The similarities between a poll and a big data project may not be apparent; however a poll is actually a “small” big data project. It ingests multiform data (telephone and web surveys, political, socio-demographic and geographic information), distils it (produces a forecast within a confidence band) and enables decision making (e.g. how to tweak a political campaign).
In fact, there are some important lessons to be learned from the polls debacle...
Don’t fall in love with black boxes
Make sure you clearly understand which data are being used to inform decisions and how they are “distilled”. Excessive trust in advanced analytic algorithms and machine learning can bring sour surprises.
For example, not knowing exactly what is the bias induced by using "web-polls" in which the responding population is self selected, might have had significant consequences on the accuracy of the forecasts even when using sophisticated methodologies to correct the bias
Be realistic in setting the scope and expectations of the insights that your projects can create, and make sure all stakeholders understand them. The possibilities of Big Data are enormous, but the constraints of actual systems and data are real.

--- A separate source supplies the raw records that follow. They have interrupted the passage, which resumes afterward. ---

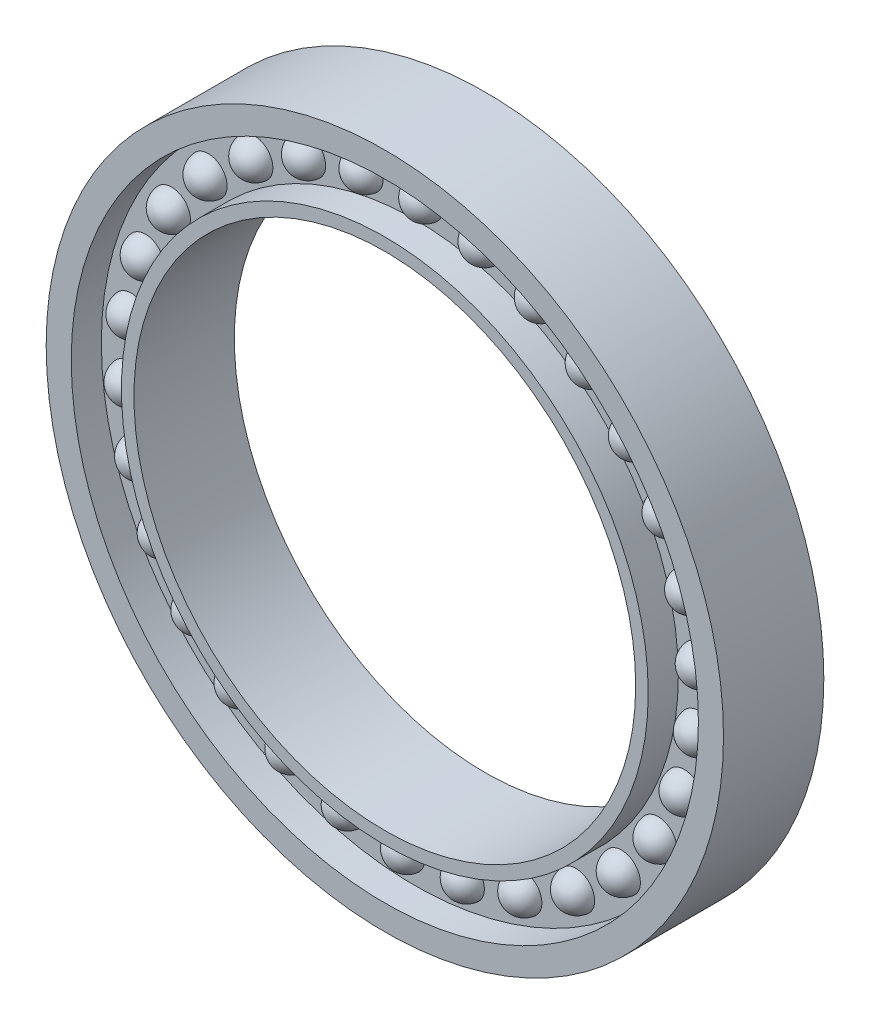
from build123d import *

# Parameters (mm, degrees)
SKETCH_1_R                       = 13.5
SKETCH_1_R_2                     = 10
EXTRUDE_1_DEPTH                  = 2
SKETCH_2_R                       = 12.5
SKETCH_2_R_2                     = 10.5
CUT_EXTRUDE_1_DEPTH              = 1.2
SKETCH_4_R                       = 0.75
EXTRUDE_2_DEPTH                  = 1.5
FILLET_1_R                       = 0.75
FILLET_2_R                       = 0.75
PATTERN_CIRCULAR_2_COUNT         = 30
FILLET_1_OF_PATTERN_CIRCULAR_2_R = 0.75
FILLET_2_OF_PATTERN_CIRCULAR_2_R = 0.75


with BuildPart() as part:
    # 草图1 → 凸台-拉伸1 (new, symmetric)
    with BuildSketch(Plane.XY):
        Circle(SKETCH_1_R)
        Circle(SKETCH_1_R_2, mode=Mode.SUBTRACT)
    extrude(amount=EXTRUDE_1_DEPTH, both=True)

    # 草图2 → 切除-拉伸1 (cut)
    with BuildSketch(Plane.XY.offset(2)):
        Circle(SKETCH_2_R)
        Circle(SKETCH_2_R_2, mode=Mode.SUBTRACT)
    cut_extrude_1 = extrude(amount=-CUT_EXTRUDE_1_DEPTH, mode=Mode.SUBTRACT)

    # 镜向1: 切除-拉伸1 across plane
    add(cut_extrude_1.mirror(Plane.XY), mode=Mode.SUBTRACT)

    # 草图4 → 凸台-拉伸2 (add, symmetric)
    with BuildSketch(Plane.XY):
        with Locations(Location((0.362190159, 11.409269929, 0), (0, 0, 180))):
            Circle(SKETCH_4_R)
    extrude_2 = extrude(amount=EXTRUDE_2_DEPTH, both=True)

    # 圆角1
    # the kernel refuses this fillet: 0.75 mm, written as the material it takes off along each edge
    with BuildSketch(Plane(origin=(0.362190159, 11.409269929, 1.5), x_dir=(-1, 0, 0), z_dir=(0, 1, 0))) as fillet_1_piece_1:
        with BuildLine():
            CenterArc((0.001668523, -0.75), FILLET_1_R, 3.822553729, 86.177446271)
            Line((0.001668523, 0), (0.001668523, 0.015))
            Line((0.001668523, 0.015), (0.75, 0.015))
            Line((0.75, 0.015), (0.765, 0))
            ThreePointArc((0.765, 0), (0.765, -0.35), (0.76496663, -0.699))
            Line((0.76496663, -0.699), (0.75, -0.7))
        make_face()
    revolve(axis=Axis((0.362190159, 11.409269929, 1.5), (0, 0, 1)), mode=Mode.SUBTRACT)

    # 圆角2
    # the kernel refuses this fillet: 0.75 mm, written as the material it takes off along each edge
    with BuildSketch(Plane(origin=(0.362190159, 11.409269929, -1.5), x_dir=(-1, 0, 0), z_dir=(0, 1, 0))) as fillet_2_piece_1:
        with BuildLine():
            CenterArc((0.001668523, 0.75), FILLET_2_R, 270, 86.177446271)
            Line((0.001668523, 0), (0.001668523, -0.015))
            Line((0.001668523, -0.015), (0.75, -0.015))
            Line((0.75, -0.015), (0.765, 0))
            ThreePointArc((0.765, 0), (0.765, 0.35), (0.76496663, 0.699))
            Line((0.76496663, 0.699), (0.75, 0.7))
        make_face()
    revolve(axis=Axis((0.362190159, 11.409269929, -1.5), (0, 0, 1)), mode=Mode.SUBTRACT)

    # 阵列(圆周)2: 凸台-拉伸2 ×30 about axis
    pattern_circular_2_axis = Axis((0, 0, 0), (0, 0, 1))
    for i in range(1, PATTERN_CIRCULAR_2_COUNT):
        add(extrude_2.rotate(pattern_circular_2_axis, i * 360 / PATTERN_CIRCULAR_2_COUNT))

    # 圆角1 of 阵列(圆周)2
    # the kernel refuses this fillet: 0.75 mm, written as the material it takes off along each edge
    with BuildSketch(Plane(origin=(-2.017845167, 11.235253576, 1.5), x_dir=(-0.9781476007338056, -0.20791169081775945, 0), z_dir=(-0.20791169081775945, 0.9781476007338056, 0))) as fillet_1_of_pattern_circular_2_piece_1:
        with BuildLine():
            CenterArc((0.001668523, -0.75), FILLET_1_OF_PATTERN_CIRCULAR_2_R, 3.822553729, 86.177446271)
            Line((0.001668523, 0), (0.001668523, 0.015))
            Line((0.001668523, 0.015), (0.75, 0.015))
            Line((0.75, 0.015), (0.765, 0))
            ThreePointArc((0.765, 0), (0.765, -0.35), (0.76496663, -0.699))
            Line((0.76496663, -0.699), (0.75, -0.7))
        make_face()
    revolve(axis=Axis((-2.017845167, 11.235253576, 1.5), (0, 0, 1)), mode=Mode.SUBTRACT)
    with BuildSketch(Plane(origin=(-4.309690977, 10.570202728, 1.5), x_dir=(-0.9135454576426008, -0.4067366430758004, 0), z_dir=(-0.4067366430758004, 0.9135454576426008, 0))) as fillet_1_of_pattern_circular_2_piece_2:
        with BuildLine():
            CenterArc((0.001668523, -0.75), FILLET_1_OF_PATTERN_CIRCULAR_2_R, 3.822553729, 86.177446271)
            Line((0.001668523, 0), (0.001668523, 0.015))
            Line((0.001668523, 0.015), (0.75, 0.015))
            Line((0.75, 0.015), (0.765, 0))
            ThreePointArc((0.765, 0), (0.765, -0.35), (0.76496663, -0.699))
            Line((0.76496663, -0.699), (0.75, -0.7))
        make_face()
    revolve(axis=Axis((-4.309690977, 10.570202728, 1.5), (0, 0, 1)), mode=Mode.SUBTRACT)
    with BuildSketch(Plane(origin=(-6.41318261, 9.4431833, 1.5), x_dir=(-0.809016994374948, -0.5877852522924724, 0), z_dir=(-0.5877852522924724, 0.809016994374948, 0))) as fillet_1_of_pattern_circular_2_piece_3:
        with BuildLine():
            CenterArc((0.001668523, -0.75), FILLET_1_OF_PATTERN_CIRCULAR_2_R, 3.822553729, 86.177446271)
            Line((0.001668523, 0), (0.001668523, 0.015))
            Line((0.001668523, 0.015), (0.75, 0.015))
            Line((0.75, 0.015), (0.765, 0))
            ThreePointArc((0.765, 0), (0.765, -0.35), (0.76496663, -0.699))
            Line((0.76496663, -0.699), (0.75, -0.7))
        make_face()
    revolve(axis=Axis((-6.41318261, 9.4431833, 1.5), (0, 0, 1)), mode=Mode.SUBTRACT)
    with BuildSketch(Plane(origin=(-8.23638739, 7.903451448, 1.5), x_dir=(-0.6691306063588581, -0.7431448254773942, 0), z_dir=(-0.7431448254773942, 0.6691306063588581, 0))) as fillet_1_of_pattern_circular_2_piece_4:
        with BuildLine():
            CenterArc((0.001668523, -0.75), FILLET_1_OF_PATTERN_CIRCULAR_2_R, 3.822553729, 86.177446271)
            Line((0.001668523, 0), (0.001668523, 0.015))
            Line((0.001668523, 0.015), (0.75, 0.015))
            Line((0.75, 0.015), (0.765, 0))
            ThreePointArc((0.765, 0), (0.765, -0.35), (0.76496663, -0.699))
            Line((0.76496663, -0.699), (0.75, -0.7))
        make_face()
    revolve(axis=Axis((-8.23638739, 7.903451448, 1.5), (0, 0, 1)), mode=Mode.SUBTRACT)
    with BuildSketch(Plane(origin=(-9.699622518, 6.018300843, 1.5), x_dir=(-0.5, -0.8660254037844387, 0), z_dir=(-0.8660254037844387, 0.5, 0))) as fillet_1_of_pattern_circular_2_piece_5:
        with BuildLine():
            CenterArc((0.001668523, -0.75), FILLET_1_OF_PATTERN_CIRCULAR_2_R, 3.822553729, 86.177446271)
            Line((0.001668523, 0), (0.001668523, 0.015))
            Line((0.001668523, 0.015), (0.75, 0.015))
            Line((0.75, 0.015), (0.765, 0))
            ThreePointArc((0.765, 0), (0.765, -0.35), (0.76496663, -0.699))
            Line((0.76496663, -0.699), (0.75, -0.7))
        make_face()
    revolve(axis=Axis((-9.699622518, 6.018300843, 1.5), (0, 0, 1)), mode=Mode.SUBTRACT)
    with BuildSketch(Plane(origin=(-10.738937598, 3.870121612, 1.5), x_dir=(-0.30901699437494773, -0.9510565162951535, 0), z_dir=(-0.9510565162951535, 0.30901699437494773, 0))) as fillet_1_of_pattern_circular_2_piece_6:
        with BuildLine():
            CenterArc((0.001668523, -0.75), FILLET_1_OF_PATTERN_CIRCULAR_2_R, 3.822553729, 86.177446271)
            Line((0.001668523, 0), (0.001668523, 0.015))
            Line((0.001668523, 0.015), (0.75, 0.015))
            Line((0.75, 0.015), (0.765, 0))
            ThreePointArc((0.765, 0), (0.765, -0.35), (0.76496663, -0.699))
            Line((0.76496663, -0.699), (0.75, -0.7))
        make_face()
    revolve(axis=Axis((-10.738937598, 3.870121612, 1.5), (0, 0, 1)), mode=Mode.SUBTRACT)
    with BuildSketch(Plane(origin=(-11.308909574, 1.552799496, 1.5), x_dir=(-0.10452846326765311, -0.9945218953682734, 0), z_dir=(-0.9945218953682734, 0.10452846326765311, 0))) as fillet_1_of_pattern_circular_2_piece_7:
        with BuildLine():
            CenterArc((0.001668523, -0.75), FILLET_1_OF_PATTERN_CIRCULAR_2_R, 3.822553729, 86.177446271)
            Line((0.001668523, 0), (0.001668523, 0.015))
            Line((0.001668523, 0.015), (0.75, 0.015))
            Line((0.75, 0.015), (0.765, 0))
            ThreePointArc((0.765, 0), (0.765, -0.35), (0.76496663, -0.699))
            Line((0.76496663, -0.699), (0.75, -0.7))
        make_face()
    revolve(axis=Axis((-11.308909574, 1.552799496, 1.5), (0, 0, 1)), mode=Mode.SUBTRACT)
    with BuildSketch(Plane(origin=(-11.384627935, -0.83238741, 1.5), x_dir=(0.10452846326765312, -0.9945218953682734, 0), z_dir=(-0.9945218953682734, -0.10452846326765312, 0))) as fillet_1_of_pattern_circular_2_piece_8:
        with BuildLine():
            CenterArc((0.001668523, -0.75), FILLET_1_OF_PATTERN_CIRCULAR_2_R, 3.822553729, 86.177446271)
            Line((0.001668523, 0), (0.001668523, 0.015))
            Line((0.001668523, 0.015), (0.75, 0.015))
            Line((0.75, 0.015), (0.765, 0))
            ThreePointArc((0.765, 0), (0.765, -0.35), (0.76496663, -0.699))
            Line((0.76496663, -0.699), (0.75, -0.7))
        make_face()
    revolve(axis=Axis((-11.384627935, -0.83238741, 1.5), (0, 0, 1)), mode=Mode.SUBTRACT)
    with BuildSketch(Plane(origin=(-10.962783426, -3.181194991, 1.5), x_dir=(0.3090169943749475, -0.9510565162951535, 0), z_dir=(-0.9510565162951535, -0.3090169943749475, 0))) as fillet_1_of_pattern_circular_2_piece_9:
        with BuildLine():
            CenterArc((0.001668523, -0.75), FILLET_1_OF_PATTERN_CIRCULAR_2_R, 3.822553729, 86.177446271)
            Line((0.001668523, 0), (0.001668523, 0.015))
            Line((0.001668523, 0.015), (0.75, 0.015))
            Line((0.75, 0.015), (0.765, 0))
            ThreePointArc((0.765, 0), (0.765, -0.35), (0.76496663, -0.699))
            Line((0.76496663, -0.699), (0.75, -0.7))
        make_face()
    revolve(axis=Axis((-10.962783426, -3.181194991, 1.5), (0, 0, 1)), mode=Mode.SUBTRACT)
    with BuildSketch(Plane(origin=(-10.061812677, -5.390969086, 1.5), x_dir=(0.5, -0.8660254037844387, 0), z_dir=(-0.8660254037844387, -0.5, 0))) as fillet_1_of_pattern_circular_2_piece_10:
        with BuildLine():
            CenterArc((0.001668523, -0.75), FILLET_1_OF_PATTERN_CIRCULAR_2_R, 3.822553729, 86.177446271)
            Line((0.001668523, 0), (0.001668523, 0.015))
            Line((0.001668523, 0.015), (0.75, 0.015))
            Line((0.75, 0.015), (0.765, 0))
            ThreePointArc((0.765, 0), (0.765, -0.35), (0.76496663, -0.699))
            Line((0.76496663, -0.699), (0.75, -0.7))
        make_face()
    revolve(axis=Axis((-10.061812677, -5.390969086, 1.5), (0, 0, 1)), mode=Mode.SUBTRACT)
    with BuildSketch(Plane(origin=(-8.721092431, -7.365131964, 1.5), x_dir=(0.6691306063588581, -0.7431448254773942, 0), z_dir=(-0.7431448254773942, -0.6691306063588581, 0))) as fillet_1_of_pattern_circular_2_piece_11:
        with BuildLine():
            CenterArc((0.001668523, -0.75), FILLET_1_OF_PATTERN_CIRCULAR_2_R, 3.822553729, 86.177446271)
            Line((0.001668523, 0), (0.001668523, 0.015))
            Line((0.001668523, 0.015), (0.75, 0.015))
            Line((0.75, 0.015), (0.765, 0))
            ThreePointArc((0.765, 0), (0.765, -0.35), (0.76496663, -0.699))
            Line((0.76496663, -0.699), (0.75, -0.7))
        make_face()
    revolve(axis=Axis((-8.721092431, -7.365131964, 1.5), (0, 0, 1)), mode=Mode.SUBTRACT)
    with BuildSketch(Plane(origin=(-6.999218597, -9.017403232, 1.5), x_dir=(0.809016994374948, -0.5877852522924724, 0), z_dir=(-0.5877852522924724, -0.809016994374948, 0))) as fillet_1_of_pattern_circular_2_piece_12:
        with BuildLine():
            CenterArc((0.001668523, -0.75), FILLET_1_OF_PATTERN_CIRCULAR_2_R, 3.822553729, 86.177446271)
            Line((0.001668523, 0), (0.001668523, 0.015))
            Line((0.001668523, 0.015), (0.75, 0.015))
            Line((0.75, 0.015), (0.765, 0))
            ThreePointArc((0.765, 0), (0.765, -0.35), (0.76496663, -0.699))
            Line((0.76496663, -0.699), (0.75, -0.7))
        make_face()
    revolve(axis=Axis((-6.999218597, -9.017403232, 1.5), (0, 0, 1)), mode=Mode.SUBTRACT)
    with BuildSketch(Plane(origin=(-4.971445325, -10.275570709, 1.5), x_dir=(0.9135454576426008, -0.4067366430758004, 0), z_dir=(-0.4067366430758004, -0.9135454576426008, 0))) as fillet_1_of_pattern_circular_2_piece_13:
        with BuildLine():
            CenterArc((0.001668523, -0.75), FILLET_1_OF_PATTERN_CIRCULAR_2_R, 3.822553729, 86.177446271)
            Line((0.001668523, 0), (0.001668523, 0.015))
            Line((0.001668523, 0.015), (0.75, 0.015))
            Line((0.75, 0.015), (0.765, 0))
            ThreePointArc((0.765, 0), (0.765, -0.35), (0.76496663, -0.699))
            Line((0.76496663, -0.699), (0.75, -0.7))
        make_face()
    revolve(axis=Axis((-4.971445325, -10.275570709, 1.5), (0, 0, 1)), mode=Mode.SUBTRACT)
    with BuildSketch(Plane(origin=(-2.726396037, -11.084646439, 1.5), x_dir=(0.9781476007338056, -0.20791169081775954, 0), z_dir=(-0.20791169081775954, -0.9781476007338056, 0))) as fillet_1_of_pattern_circular_2_piece_14:
        with BuildLine():
            CenterArc((0.001668523, -0.75), FILLET_1_OF_PATTERN_CIRCULAR_2_R, 3.822553729, 86.177446271)
            Line((0.001668523, 0), (0.001668523, 0.015))
            Line((0.001668523, 0.015), (0.75, 0.015))
            Line((0.75, 0.015), (0.765, 0))
            ThreePointArc((0.765, 0), (0.765, -0.35), (0.76496663, -0.699))
            Line((0.76496663, -0.699), (0.75, -0.7))
        make_face()
    revolve(axis=Axis((-2.726396037, -11.084646439, 1.5), (0, 0, 1)), mode=Mode.SUBTRACT)
    with BuildSketch(Plane(origin=(-0.362190159, -11.409269929, 1.5), x_dir=(1, 0, 0), z_dir=(0, -1, 0))) as fillet_1_of_pattern_circular_2_piece_15:
        with BuildLine():
            CenterArc((0.001668523, -0.75), FILLET_1_OF_PATTERN_CIRCULAR_2_R, 3.822553729, 86.177446271)
            Line((0.001668523, 0), (0.001668523, 0.015))
            Line((0.001668523, 0.015), (0.75, 0.015))
            Line((0.75, 0.015), (0.765, 0))
            ThreePointArc((0.765, 0), (0.765, -0.35), (0.76496663, -0.699))
            Line((0.76496663, -0.699), (0.75, -0.7))
        make_face()
    revolve(axis=Axis((-0.362190159, -11.409269929, 1.5), (0, 0, 1)), mode=Mode.SUBTRACT)
    with BuildSketch(Plane(origin=(2.017845167, -11.235253576, 1.5), x_dir=(0.9781476007338056, 0.20791169081775945, 0), z_dir=(0.20791169081775945, -0.9781476007338056, 0))) as fillet_1_of_pattern_circular_2_piece_16:
        with BuildLine():
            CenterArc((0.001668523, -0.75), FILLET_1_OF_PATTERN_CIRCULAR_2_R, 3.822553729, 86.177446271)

The more realistic the expectations, the less likely someone will end up eating up their own hat.
Fail fast - succeed faster
Sometimes, even the most meticulously prepared projects go wrong because of sudden changes or other unexpected events.
For example, there is wide consensus that a large portion of electors made up their minds at the last minute and the turnout was lower than expected. This uncertainty could not be integrated in the models and contributed to the inaccuracy.
What to do to avoid these mistakes? Well, nothing…
Mistakes will happen. Be prepared to accept them, quickly understand the root cause of the issue and adapt your infrastructure to improve the output. Let the “Fail fast – succeed faster” mantra become part of your company’s culture.
And remember, your users are not expecting perfection – they are expecting you to get it right ASAP.
And if you don’t believe me – I can organize a poll to demonstrate it.